画像とコンテンツを隣り合わせで配置することにより、よりカラフルで大胆な画像を使えます。また、画像がぼんやりとした印象になることも決してないので、より深い意味を持たせられます。
Bose
分割スクリーンレイアウトの構成は50:50でパーツが2つである必要はありません。例えば、Boseは分割スクリーンレイアウトのトレンドに極限まで挑戦していますが、小さなスクリーンへの適応は考慮していない様子です。見た目は美しいのですが、レスポンシブデザインには対応していないので、その対応は求められます。ただし、分割スクリーンレイアウトをモバイルなど小さなスクリーンに適応させる作業はとても難しいものです。

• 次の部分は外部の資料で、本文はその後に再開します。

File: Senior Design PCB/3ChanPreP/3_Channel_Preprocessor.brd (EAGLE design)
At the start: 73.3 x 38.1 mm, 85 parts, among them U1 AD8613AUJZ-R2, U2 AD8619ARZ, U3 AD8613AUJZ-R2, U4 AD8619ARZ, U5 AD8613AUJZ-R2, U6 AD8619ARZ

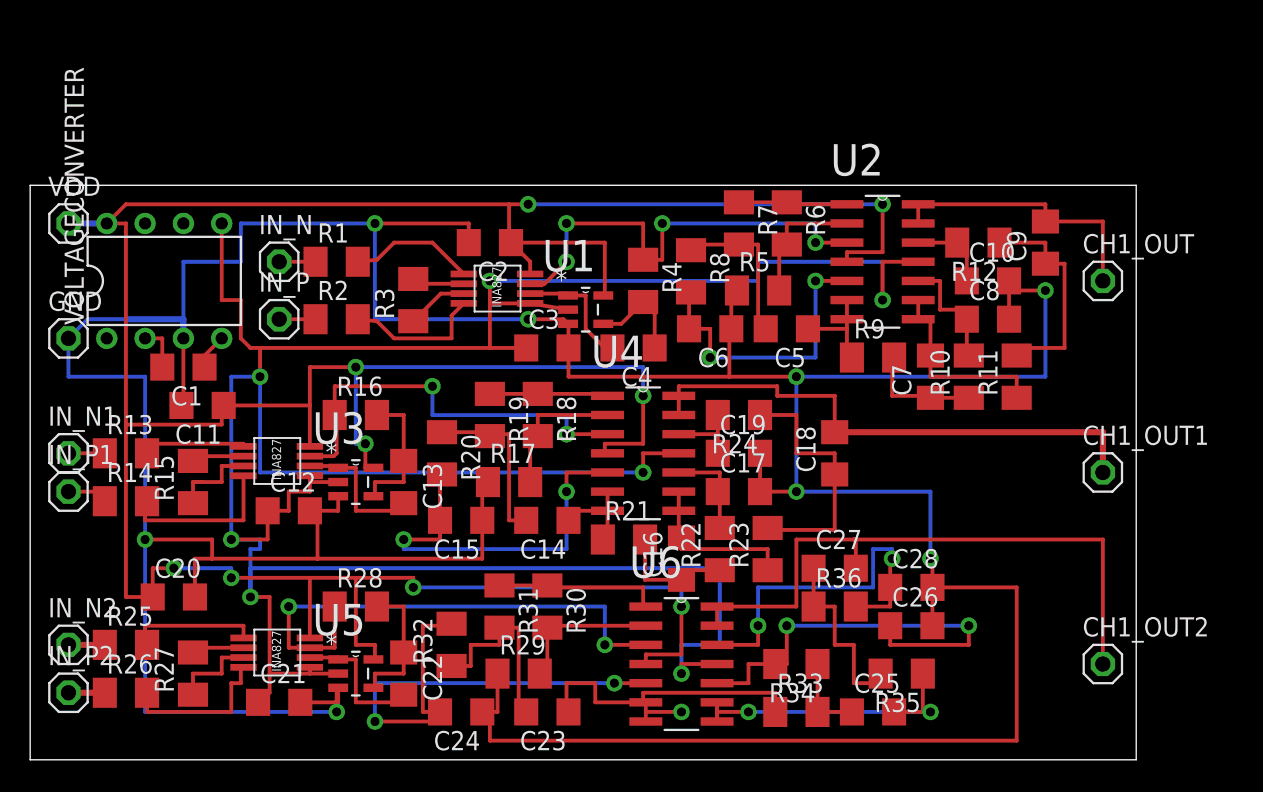
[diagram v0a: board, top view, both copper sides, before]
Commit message: Added BOMs, versions for assembly instructions
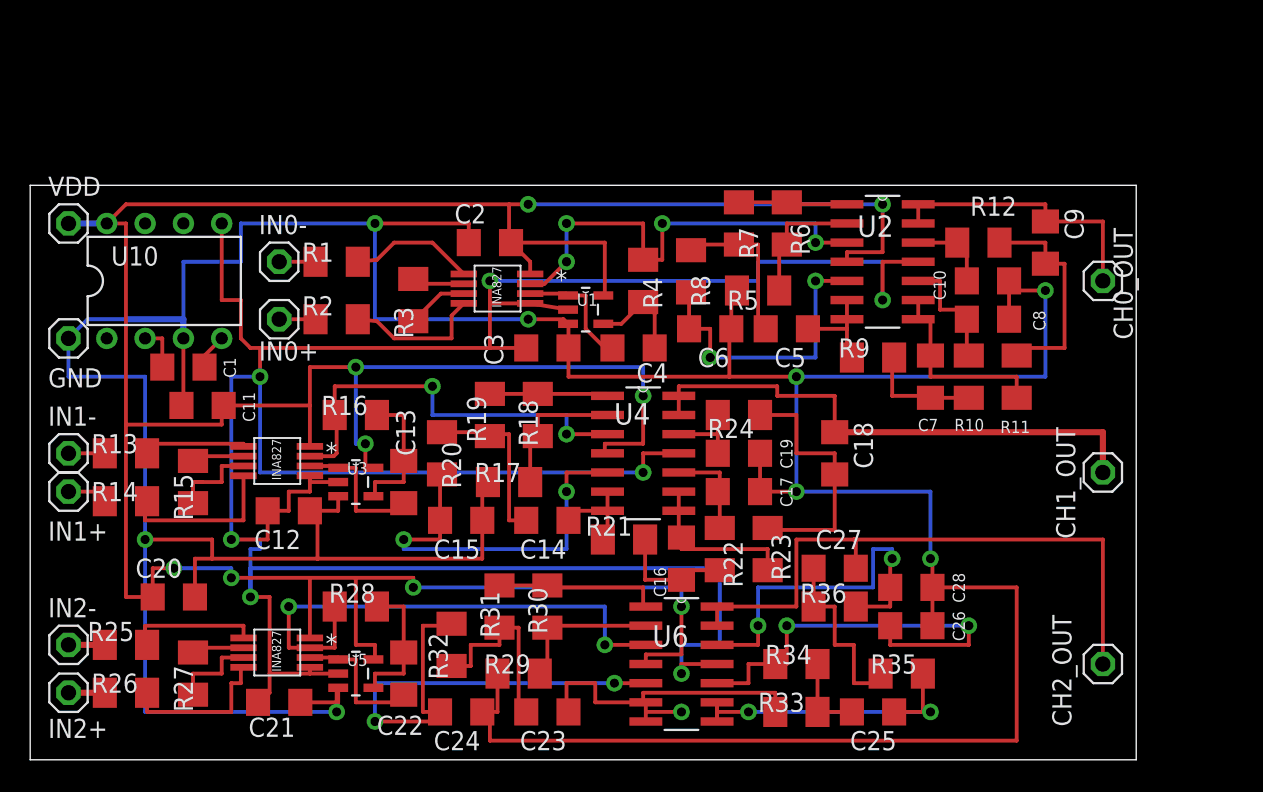
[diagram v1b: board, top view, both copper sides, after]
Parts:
- removed CH1_OUT1: (no value), pinhead:1X01
- added CH0_OUT: (no value), pinhead:1X01
- moved CH1_OUT 12.7 mm to (71.1, 61.0)
- renumbered CH1_OUT2 to CH2_OUT, INA1 to U9, IN_N to IN0-, IN_N1 to IN1-, IN_N2 to IN2-, IN_P to IN0+, IN_P1 to IN1+, IN_P2 to IN2+, VOLTAGECONVERTER to U10
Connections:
- net OUT_D: now also CH0_OUT.1; no longer CH1_OUT.1
- net OUT_D1: now also CH1_OUT.1; no longer CH1_OUT1.1

そうは言っても、Boseのレイアウトは異なる色を使うことで各々のアイテムをユニークに表現しています。エッジの効いた対角線風の形を組み合わせることにより、とても目をひくWebサイトに仕上がっています。
Filletの事例も、分割スクリーンレイアウトがいかに独特な特徴をWebサイトにもたらすかを教えてくれます。また、3つに縦分割されており、それぞれにはコンテンツが含まれておらず(アート作品が表示されています)、モバイルデバイスでも正常に表示されます。
分割スクリーンレイアウトで覚えておくべき3つのこと
Webサイトに分割スクリーンレイアウトの導入を検討しているなら、デザインするときに次の3点を頭に入れておきましょう。
1. モバイルフレンドリーであること
分割スクリーンレイアウトには、1つの「デメリット」があります。それは、あまりモバイルフレンドリーでないということ。分割したスクリーンをレスポンシブに、そして小さいスクリーン(横長表示のタブレットを除く)にも適応するのは難しいことです。ほぼ確実にスケールをもっと縮小する必要があり、通常よりもコーディング作業が増えます。そのため、必ずモバイル最適化を最優先にするようにしてください。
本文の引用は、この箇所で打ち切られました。